By this logic, the US government should be able to ban any newspaper that is publishing articles that they don't like: it doesn't encroach on the freedom of speech of the reporters of that newspaper, they can just speak somewhere else. They don't have the right to say anything at that particular newspaper, just in general.
Of course, in reality, banning a publication (TikToK) because you think they may publish stories that you won't like (propaganda for Chinese interests) is an obvious violation of the first ammendment and a form of government censorship.
Freedom of speech is that an American person cannot be blocked by the government saying what they want.
There is nothing in the first amendment that protects you from where you can say what you want, nor is anyone entitled to give you a platform.

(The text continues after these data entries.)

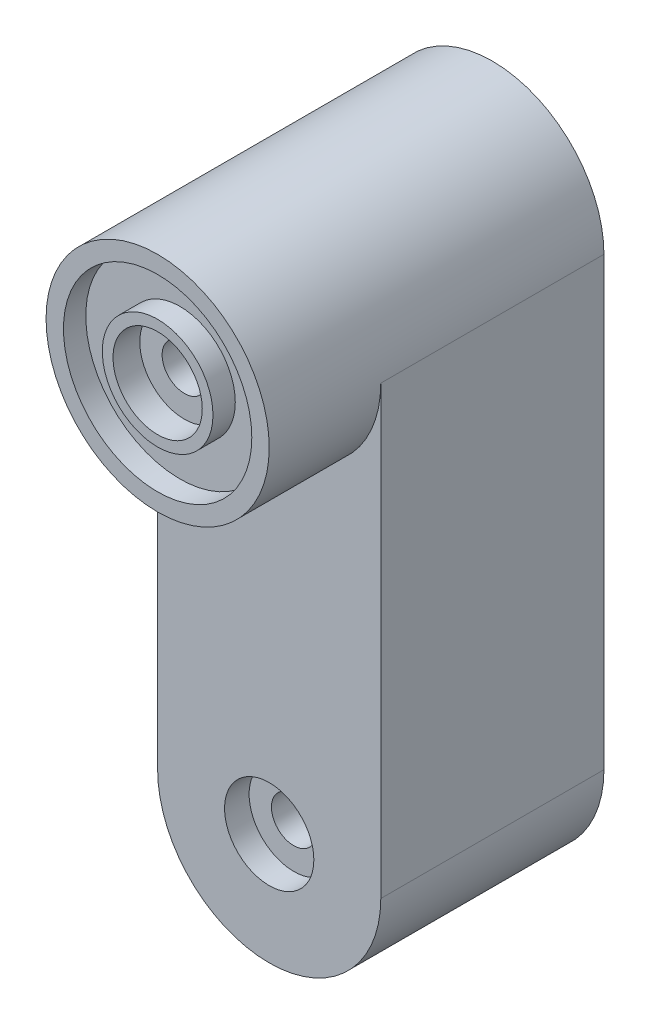
SolidWorks part; units mm, degrees
ref_plane "Ebene vorne" through (0, 0, 0) normal (0, 0, 1) x (1, 0, 0)
ref_plane "Ebene oben" through (0, 0, 0) normal (0, 1, 0) x (1, 0, 0)
ref_plane "Ebene rechts" through (0, 0, 0) normal (1, 0, 0) x (0, 0, -1)
sketch "Skizze4" plane through (0, 0, 0) normal (0, 1, 0) x (1, 0, 0)
  line L1 (-25, -25) -> (25, -25)
  line L2 (-25, -25) -> (-25, 25)
  line L3 (-25, 25) -> (25, 25)
  line L4 (25, -25) -> (25, 25)
  line L5 (-25, -25) -> (25, 25) construction
  line L6 (-25, 25) -> (25, -25) construction
  point P0 (0, 0)
  dimension "D1" = 50
  dimension "D2" = 50
extrude "Aufsatz-Linear austragen1" add sketch "Skizze4" along normal blind 150
sketch "Skizze5" plane through (0, 0, 25) normal (0, 0, 1) x (1, 0, 0)
  line L0 (25, 150) -> (25, 0) construction
  line L1 (-25, 150) -> (25, 150)
  line L2 (-25, 150) -> (-25, 100)
  line L3 (-25, 100) -> (25, 100)
  line L4 (25, 150) -> (25, 100)
  dimension "D1" = 50
extrude "Aufsatz-Linear austragen2" add sketch "Skizze5" along normal blind 25
sketch "Skizze6" plane through (0, 0, 50) normal (0, 0, 1) x (1, 0, 0)
  line L0 (-25, 150) -> (25, 100) construction
  line L1 (25, 100) -> (25, 150) construction
  line L2 (25, 100) -> (25, 150) construction
  line L3 (25, 150) -> (-25, 100) construction
  circle A0 centre (0, 125) radius 5
extrude "Schnitt-Linear austragen1" cut sketch "Skizze6" against normal blind 75
sketch "Skizze8" plane through (0, 0, 25) normal (0, 0, 1) x (1, 0, 0)
  line L0 (-25, 25) -> (-25, 0)
  line L1 (-25, 0) -> (25, 0)
  line L2 (25, 0) -> (25, 25)
  arc A0 (-25, 25) -> (25, 25) centre (0, 25) ccw
  circle A1 centre (0, 25) radius 5
  line M4 (-25, 100) -> (-25, 0)
  line M5 (-25, 0) -> (25, 0)
  line M6 (25, 0) -> (25, 100)
extrude "Schnitt-Linear austragen2" cut sketch "Skizze8" against normal blind 50 contours A0 M4 M5 | A0 L1 M6 | A1
sketch "Skizze9" plane through (0, 0, 50) normal (0, 0, 1) x (1, 0, 0)
  line L0 (-25, 150) -> (-25, 100)
  line L1 (-25, 100) -> (25, 100) construction
  line L2 (-25, 150) -> (-25, 100) construction
  line L3 (-25, 100) -> (25, 100)
  line L4 (25, 100) -> (25, 150)
  line L5 (25, 150) -> (-25, 150)
  circle A0 centre (0, 125) radius 25
  line M3 (-25, 150) -> (-25, 100)
  line M6 (25, 150) -> (-25, 150)
extrude "Schnitt-Linear austragen3" cut sketch "Skizze9" against normal up to surface (75 mm away) contours A0 L5 M3 | A0 L4 M6 up to face at (5, 25, -25)
sketch "Skizze10" plane through (0, 0, 50) normal (0, 0, 1) x (1, 0, 0)
  line L0 (-25, 125) -> (-25, 100)
  line L1 (-25, 100) -> (25, 100)
  line L2 (25, 100) -> (25, 125)
  circle A0 centre (0, 125) radius 25
  line M2 (25, 100) -> (25, 125)
  line M4 (-25, 125) -> (-25, 100)
  line M5 (-25, 100) -> (25, 100)
extrude "Schnitt-Linear austragen4" cut sketch "Skizze10" against normal up to surface (25 mm away) contours A0 M4 M5 | A0 L1 M2 up to face at (5, 25, 25)
sketch "Skizze11" plane through (0, 0, 50) normal (0, 0, 1) x (1, 0, 0)
  circle A0 centre (0, 125) radius 21.1
  circle A1 centre (0, 125) radius 12.4
  dimension "D1" = 24.8
  dimension "D2" = 42.2
extrude "Schnitt-Linear austragen5" cut sketch "Skizze11" against normal blind 5 contours A0 | A1
sketch "Skizze12" plane through (0, 0, -25) normal (0, 0, -1) x (-1, 0, 0)
  circle A0 centre (0, 125) radius 10.2
  circle A1 centre (0, 25) radius 10
extrude "Schnitt-Linear austragen6" cut sketch "Skizze12" against normal blind 5.5
sketch "Skizze13" plane through (0, 0, 50) normal (0, 0, 1) x (1, 0, 0)
  circle A1 centre (0, 125) radius 10
extrude "Schnitt-Linear austragen7" cut sketch "Skizze13" against normal blind 6 contours A1
sketch "Skizze14" plane through (0, 0, 25) normal (0, 0, 1) x (1, 0, 0)
  circle A0 centre (0, 25) radius 10
extrude "Schnitt-Linear austragen8" cut sketch "Skizze14" against normal blind 5.5

That's why the US has "freedom of speech zones" which are basically cages far away from where they should be protesting.
TikTok was banned because it's owned by a foreign government, not freedom of speech. If the Chinese government had removed their connection to it, it would not have been banned.
The reason TikTok being owned by China is considered a problem is because it could allow China to control what American citizens see on their timelines - the content.
> The reason TikTok being owned by China is considered a problem is because it could allow China to control what American citizens see on their timelines - the content.
It's the PRC control part that's the key here though. There's nothing banning even blatantly pro-PRC content on other platforms. You can find plenty of tankies praising China over the US to high heaven on places like Reddit.
Then it's just virtue signaling. If the message is not a problem, then who says that message is irrelevant.
Note: to be clear, I'm neither a tankie nor in any other way supportive of PRC policies. They're a horrible genocidal dictatorial regime with imperialist tendencies who are propping up other similarly horrible regimes like Russia or North Korea.
Just to give an example of what would be concerns of the platform aspect of TikTok, that would be concerns about the ability for the app to deploy malicious code to users' phones, or the amount of data that it siphons off legally. But those are de-emphasised in favor of their control on content, which is precisely what's supposed to be protected by the Constitution.